SAFETY COURSE.  It comes under public liability Interd6.  I know, safety instructors are full of it 
That is of course, if you are a 'sub contractor'.  If the supervisor hurts themself.... What happens? 
Its all fine until insurance starts drilling down looking for money.  The site is 'handed over to you' as a contractor, thats why you are required public liability.   

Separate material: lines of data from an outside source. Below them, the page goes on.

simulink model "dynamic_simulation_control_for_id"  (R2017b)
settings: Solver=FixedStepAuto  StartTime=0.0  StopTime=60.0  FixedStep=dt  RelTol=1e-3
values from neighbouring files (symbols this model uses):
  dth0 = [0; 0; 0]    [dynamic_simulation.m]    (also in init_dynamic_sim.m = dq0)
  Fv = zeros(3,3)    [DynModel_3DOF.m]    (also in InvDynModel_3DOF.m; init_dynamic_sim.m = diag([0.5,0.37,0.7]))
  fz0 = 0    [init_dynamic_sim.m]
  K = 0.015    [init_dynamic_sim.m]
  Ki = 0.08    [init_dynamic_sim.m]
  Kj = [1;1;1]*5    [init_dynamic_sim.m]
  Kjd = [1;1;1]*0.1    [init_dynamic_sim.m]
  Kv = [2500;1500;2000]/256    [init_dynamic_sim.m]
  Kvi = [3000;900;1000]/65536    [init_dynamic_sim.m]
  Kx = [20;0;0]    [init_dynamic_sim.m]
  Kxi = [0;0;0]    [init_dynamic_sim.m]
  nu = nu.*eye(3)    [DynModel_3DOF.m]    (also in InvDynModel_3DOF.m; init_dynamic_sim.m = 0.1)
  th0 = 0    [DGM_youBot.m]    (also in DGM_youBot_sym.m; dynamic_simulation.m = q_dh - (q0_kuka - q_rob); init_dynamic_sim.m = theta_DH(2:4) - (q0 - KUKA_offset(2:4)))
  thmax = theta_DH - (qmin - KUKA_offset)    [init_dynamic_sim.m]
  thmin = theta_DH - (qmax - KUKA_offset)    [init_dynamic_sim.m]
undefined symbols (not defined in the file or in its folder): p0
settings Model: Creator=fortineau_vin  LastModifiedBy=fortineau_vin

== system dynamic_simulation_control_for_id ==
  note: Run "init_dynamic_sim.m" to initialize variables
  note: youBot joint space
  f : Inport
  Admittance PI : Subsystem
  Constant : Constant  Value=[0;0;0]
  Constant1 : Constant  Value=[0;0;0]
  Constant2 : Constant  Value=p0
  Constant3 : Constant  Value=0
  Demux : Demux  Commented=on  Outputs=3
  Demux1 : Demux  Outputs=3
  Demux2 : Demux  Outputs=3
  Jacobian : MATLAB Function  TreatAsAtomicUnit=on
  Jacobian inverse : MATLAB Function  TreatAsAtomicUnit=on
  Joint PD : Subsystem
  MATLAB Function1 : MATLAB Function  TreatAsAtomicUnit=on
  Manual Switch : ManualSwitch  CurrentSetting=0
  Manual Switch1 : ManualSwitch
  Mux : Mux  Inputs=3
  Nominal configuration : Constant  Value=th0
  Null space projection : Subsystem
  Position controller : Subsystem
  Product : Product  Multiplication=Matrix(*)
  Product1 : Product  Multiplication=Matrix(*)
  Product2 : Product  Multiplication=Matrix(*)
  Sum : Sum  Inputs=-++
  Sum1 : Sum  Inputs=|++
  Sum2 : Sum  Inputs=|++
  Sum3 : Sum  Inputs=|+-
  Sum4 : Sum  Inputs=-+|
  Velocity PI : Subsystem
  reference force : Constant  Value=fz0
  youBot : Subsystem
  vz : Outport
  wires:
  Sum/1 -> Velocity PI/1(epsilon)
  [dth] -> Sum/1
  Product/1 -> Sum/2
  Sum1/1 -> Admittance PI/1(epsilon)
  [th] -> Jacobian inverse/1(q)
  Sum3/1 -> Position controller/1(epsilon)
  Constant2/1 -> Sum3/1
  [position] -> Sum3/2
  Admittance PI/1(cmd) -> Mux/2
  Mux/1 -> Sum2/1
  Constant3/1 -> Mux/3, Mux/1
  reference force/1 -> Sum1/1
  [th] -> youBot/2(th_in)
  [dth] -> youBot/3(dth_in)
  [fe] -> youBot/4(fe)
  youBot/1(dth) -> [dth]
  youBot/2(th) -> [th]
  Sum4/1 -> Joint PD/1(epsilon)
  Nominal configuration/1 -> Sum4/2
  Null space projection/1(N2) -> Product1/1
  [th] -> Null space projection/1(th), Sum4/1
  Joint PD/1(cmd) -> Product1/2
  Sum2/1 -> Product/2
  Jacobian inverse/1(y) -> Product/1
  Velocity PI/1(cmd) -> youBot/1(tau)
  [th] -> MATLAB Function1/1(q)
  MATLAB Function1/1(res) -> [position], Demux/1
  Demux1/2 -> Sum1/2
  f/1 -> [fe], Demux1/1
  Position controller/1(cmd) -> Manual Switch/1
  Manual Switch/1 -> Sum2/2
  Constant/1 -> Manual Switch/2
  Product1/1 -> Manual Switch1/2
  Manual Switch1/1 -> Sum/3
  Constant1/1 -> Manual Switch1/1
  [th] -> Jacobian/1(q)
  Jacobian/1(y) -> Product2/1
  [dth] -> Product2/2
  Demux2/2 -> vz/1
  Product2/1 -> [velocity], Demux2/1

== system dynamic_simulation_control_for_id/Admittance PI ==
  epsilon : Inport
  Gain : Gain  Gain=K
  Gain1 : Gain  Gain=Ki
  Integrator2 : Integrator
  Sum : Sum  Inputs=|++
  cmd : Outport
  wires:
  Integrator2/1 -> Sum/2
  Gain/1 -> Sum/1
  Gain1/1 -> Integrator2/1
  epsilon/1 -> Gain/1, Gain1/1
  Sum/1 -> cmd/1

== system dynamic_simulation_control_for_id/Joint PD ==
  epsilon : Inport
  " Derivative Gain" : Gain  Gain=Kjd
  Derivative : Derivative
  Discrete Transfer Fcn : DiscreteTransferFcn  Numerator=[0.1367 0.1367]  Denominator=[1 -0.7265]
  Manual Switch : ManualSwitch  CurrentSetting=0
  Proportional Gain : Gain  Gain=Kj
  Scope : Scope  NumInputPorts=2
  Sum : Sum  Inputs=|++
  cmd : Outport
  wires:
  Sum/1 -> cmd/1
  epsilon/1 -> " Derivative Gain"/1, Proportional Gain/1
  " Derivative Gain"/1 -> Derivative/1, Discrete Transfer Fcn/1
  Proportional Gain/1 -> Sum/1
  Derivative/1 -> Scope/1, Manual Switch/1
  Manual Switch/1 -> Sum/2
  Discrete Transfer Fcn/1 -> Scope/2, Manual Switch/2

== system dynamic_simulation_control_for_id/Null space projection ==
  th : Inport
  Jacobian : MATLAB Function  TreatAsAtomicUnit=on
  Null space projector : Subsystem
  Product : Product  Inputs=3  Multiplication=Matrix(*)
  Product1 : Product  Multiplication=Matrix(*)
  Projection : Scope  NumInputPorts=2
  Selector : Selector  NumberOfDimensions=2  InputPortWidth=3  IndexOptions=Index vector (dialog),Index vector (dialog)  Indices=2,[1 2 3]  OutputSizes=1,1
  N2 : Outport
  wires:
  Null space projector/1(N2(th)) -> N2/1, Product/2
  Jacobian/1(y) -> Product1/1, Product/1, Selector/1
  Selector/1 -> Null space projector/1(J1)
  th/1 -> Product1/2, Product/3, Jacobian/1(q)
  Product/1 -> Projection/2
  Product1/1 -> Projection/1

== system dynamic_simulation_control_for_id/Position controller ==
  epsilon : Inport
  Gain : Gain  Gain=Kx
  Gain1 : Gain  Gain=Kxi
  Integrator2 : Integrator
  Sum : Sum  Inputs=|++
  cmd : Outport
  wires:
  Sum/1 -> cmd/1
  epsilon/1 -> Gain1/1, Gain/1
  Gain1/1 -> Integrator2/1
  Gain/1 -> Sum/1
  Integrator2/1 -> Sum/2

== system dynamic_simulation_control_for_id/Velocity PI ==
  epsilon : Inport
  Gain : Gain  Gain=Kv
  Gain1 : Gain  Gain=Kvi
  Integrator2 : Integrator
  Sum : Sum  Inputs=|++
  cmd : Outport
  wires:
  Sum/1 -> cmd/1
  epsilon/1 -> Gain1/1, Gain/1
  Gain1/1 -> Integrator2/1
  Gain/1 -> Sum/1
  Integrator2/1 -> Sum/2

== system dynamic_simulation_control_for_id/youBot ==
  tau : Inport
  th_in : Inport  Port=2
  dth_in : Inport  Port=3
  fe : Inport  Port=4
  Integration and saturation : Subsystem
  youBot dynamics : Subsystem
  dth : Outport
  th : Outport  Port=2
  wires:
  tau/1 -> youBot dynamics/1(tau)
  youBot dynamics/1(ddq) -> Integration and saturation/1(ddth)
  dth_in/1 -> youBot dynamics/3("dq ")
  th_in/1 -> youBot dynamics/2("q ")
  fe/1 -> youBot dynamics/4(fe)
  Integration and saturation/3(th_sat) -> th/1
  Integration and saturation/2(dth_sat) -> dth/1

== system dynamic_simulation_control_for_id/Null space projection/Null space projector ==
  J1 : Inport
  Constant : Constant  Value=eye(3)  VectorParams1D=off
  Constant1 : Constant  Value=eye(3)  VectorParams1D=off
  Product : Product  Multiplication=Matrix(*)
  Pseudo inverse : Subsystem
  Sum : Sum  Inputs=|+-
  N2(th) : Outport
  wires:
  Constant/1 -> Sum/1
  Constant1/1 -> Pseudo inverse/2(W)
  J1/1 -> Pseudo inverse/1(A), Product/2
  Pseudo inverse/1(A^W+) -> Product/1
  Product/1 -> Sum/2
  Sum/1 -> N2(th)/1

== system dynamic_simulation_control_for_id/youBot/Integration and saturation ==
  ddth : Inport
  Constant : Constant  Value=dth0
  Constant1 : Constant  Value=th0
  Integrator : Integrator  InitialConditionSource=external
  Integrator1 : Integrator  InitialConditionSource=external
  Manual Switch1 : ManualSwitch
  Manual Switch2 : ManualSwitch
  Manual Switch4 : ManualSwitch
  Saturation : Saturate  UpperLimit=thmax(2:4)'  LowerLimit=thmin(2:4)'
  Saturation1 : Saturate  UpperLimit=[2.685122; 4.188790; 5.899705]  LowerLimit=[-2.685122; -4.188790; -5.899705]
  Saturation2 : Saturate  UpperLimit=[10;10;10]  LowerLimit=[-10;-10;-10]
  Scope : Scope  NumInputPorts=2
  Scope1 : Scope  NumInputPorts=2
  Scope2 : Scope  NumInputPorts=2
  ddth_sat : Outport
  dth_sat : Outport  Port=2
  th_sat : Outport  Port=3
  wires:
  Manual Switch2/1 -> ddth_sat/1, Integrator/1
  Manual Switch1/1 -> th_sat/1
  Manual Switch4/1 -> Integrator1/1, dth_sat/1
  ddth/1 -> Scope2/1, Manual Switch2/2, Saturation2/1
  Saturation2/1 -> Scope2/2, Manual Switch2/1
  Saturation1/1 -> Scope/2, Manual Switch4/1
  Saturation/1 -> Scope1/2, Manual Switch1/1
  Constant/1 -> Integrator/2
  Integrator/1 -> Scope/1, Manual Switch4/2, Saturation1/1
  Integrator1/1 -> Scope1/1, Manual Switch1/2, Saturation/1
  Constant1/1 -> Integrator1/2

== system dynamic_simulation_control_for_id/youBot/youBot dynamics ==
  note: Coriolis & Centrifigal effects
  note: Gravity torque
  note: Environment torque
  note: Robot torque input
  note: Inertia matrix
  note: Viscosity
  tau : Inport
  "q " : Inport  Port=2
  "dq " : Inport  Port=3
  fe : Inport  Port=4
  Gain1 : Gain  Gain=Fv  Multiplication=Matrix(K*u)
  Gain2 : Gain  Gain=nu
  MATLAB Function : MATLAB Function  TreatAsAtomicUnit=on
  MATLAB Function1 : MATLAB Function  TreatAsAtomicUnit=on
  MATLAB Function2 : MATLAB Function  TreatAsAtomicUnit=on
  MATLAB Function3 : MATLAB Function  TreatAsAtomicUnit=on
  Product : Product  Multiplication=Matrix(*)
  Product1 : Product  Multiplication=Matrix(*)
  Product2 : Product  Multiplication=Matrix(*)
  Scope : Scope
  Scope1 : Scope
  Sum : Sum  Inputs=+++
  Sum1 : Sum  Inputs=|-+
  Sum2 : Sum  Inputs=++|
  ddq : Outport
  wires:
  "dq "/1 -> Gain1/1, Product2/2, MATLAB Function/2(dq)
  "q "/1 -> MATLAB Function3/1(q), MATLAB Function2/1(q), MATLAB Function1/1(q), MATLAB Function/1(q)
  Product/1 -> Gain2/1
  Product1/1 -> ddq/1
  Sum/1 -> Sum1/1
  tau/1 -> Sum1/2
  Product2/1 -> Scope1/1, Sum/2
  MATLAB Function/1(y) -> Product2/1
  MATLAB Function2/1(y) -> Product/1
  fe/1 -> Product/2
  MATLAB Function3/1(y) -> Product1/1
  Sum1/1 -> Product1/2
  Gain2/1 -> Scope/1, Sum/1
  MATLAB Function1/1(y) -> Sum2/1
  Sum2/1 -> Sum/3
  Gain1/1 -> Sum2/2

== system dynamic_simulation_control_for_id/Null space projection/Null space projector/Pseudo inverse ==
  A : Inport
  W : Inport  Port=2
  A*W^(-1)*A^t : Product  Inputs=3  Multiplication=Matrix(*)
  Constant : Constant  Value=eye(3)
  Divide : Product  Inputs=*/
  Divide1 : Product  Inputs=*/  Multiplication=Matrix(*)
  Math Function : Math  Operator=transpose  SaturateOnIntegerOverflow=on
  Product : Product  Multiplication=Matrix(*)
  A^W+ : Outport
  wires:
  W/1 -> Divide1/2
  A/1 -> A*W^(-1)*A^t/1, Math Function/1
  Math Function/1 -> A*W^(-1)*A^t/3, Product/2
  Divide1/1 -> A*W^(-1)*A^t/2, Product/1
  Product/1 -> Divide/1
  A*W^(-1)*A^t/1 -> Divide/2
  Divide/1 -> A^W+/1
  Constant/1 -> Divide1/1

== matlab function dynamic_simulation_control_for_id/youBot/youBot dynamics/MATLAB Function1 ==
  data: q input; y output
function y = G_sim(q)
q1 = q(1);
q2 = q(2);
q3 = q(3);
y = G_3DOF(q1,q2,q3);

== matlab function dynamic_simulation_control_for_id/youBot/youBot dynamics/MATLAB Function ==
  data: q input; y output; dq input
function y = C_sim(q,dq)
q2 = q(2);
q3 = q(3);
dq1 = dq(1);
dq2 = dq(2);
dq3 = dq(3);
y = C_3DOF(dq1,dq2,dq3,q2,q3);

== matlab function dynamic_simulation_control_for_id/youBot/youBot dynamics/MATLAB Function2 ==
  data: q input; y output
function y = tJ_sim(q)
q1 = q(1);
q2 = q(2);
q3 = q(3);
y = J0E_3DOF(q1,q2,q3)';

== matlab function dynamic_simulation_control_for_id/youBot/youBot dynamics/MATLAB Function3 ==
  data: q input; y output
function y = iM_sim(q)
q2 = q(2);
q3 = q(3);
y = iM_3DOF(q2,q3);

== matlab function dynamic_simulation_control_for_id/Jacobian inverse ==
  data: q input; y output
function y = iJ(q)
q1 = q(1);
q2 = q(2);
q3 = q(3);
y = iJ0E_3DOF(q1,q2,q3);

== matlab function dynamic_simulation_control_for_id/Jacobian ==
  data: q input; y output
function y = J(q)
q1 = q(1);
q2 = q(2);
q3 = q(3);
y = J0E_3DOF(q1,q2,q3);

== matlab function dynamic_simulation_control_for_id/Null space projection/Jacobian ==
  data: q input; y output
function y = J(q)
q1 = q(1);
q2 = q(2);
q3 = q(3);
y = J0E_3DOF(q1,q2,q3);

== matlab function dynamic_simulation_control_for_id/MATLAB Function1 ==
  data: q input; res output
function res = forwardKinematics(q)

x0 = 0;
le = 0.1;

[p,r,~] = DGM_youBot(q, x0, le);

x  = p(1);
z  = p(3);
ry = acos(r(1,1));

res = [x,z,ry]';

> where do you get this stuff from? I hope you don't believe it!
> inter

----------


## ringtail

I started reading the Qld act last night and gave up. Just rubbish. It all comes down to " who is a worker " . It seems that if one is a contractor, supplies most or all of the tools, is responsible for the rectification of the works and is also responsible for how the works are to be done with minimal instruction then one is NOT a worker and therefore not covered by workcover. However, a contractor that fits this description may still be a worker. Nice.  
I ditched my personal accident too. Just not worth it at all. If one becomes total/permanent disabled the wonderful Gov supports anyway. Tis why we pay tax ( eh Marc  :Tongue:  )

----------


## OBBob

Perhaps 'support' comes at  differing levels of comfort  :Smilie:  . There shouldn't be confusion about who's in control of the site.

----------


## Spottiswoode

> ^ whs

  Is that 'what he said' or correcting OHS to the more current WHS?  :Sneaktongue:

----------


## OBBob

> Is that 'what he said' or correcting OHS to the more current WHS?

  
ha ha ... what he said.

----------


## intertd6

> SAFETY COURSE.  It comes under public liability Interd6.  I know, safety instructors are full of it 
> That is of course, if you are a 'sub contractor'.  If the supervisor hurts themself.... What happens? 
> Its all fine until insurance starts drilling down looking for money.  The site is 'handed over to you' as a contractor, thats why you are required public liability.

   If anyone paid for that course id be wanting my money back, PL covers within a the limits of the policy & PDS everything that the contractor does or is responsible for, not for other contractors, subcontractors can't dictate to the principal contractor or builder when & who is onsite, for particular work areas there are needs for subcontractor access control & limitations but this comes from a subcontractor request then implemented by the builder. The only ones who have the site legally handed over to them for the term of the contract is the builder or principal contractor & they can stop the owner from entering the site as well. This is contract administration 101 & not found in subcontractors contracts
if there is an accident or claim made the insurance providers investigate & sort out who's policy will bare the claim liability.
inter

----------


## intertd6

> I started reading the Qld act last night and gave up. Just rubbish. It all comes down to " who is a worker " . It seems that if one is a contractor, supplies most or all of the tools, is responsible for the rectification of the works and is also responsible for how the works are to be done with minimal instruction then one is NOT a worker and therefore not covered by workcover. However, a contractor that fits this description may still be a worker. Nice.  
> I ditched my personal accident too. Just not worth it at all. If one becomes total/permanent disabled the wonderful Gov supports anyway. Tis why we pay tax ( eh Marc  )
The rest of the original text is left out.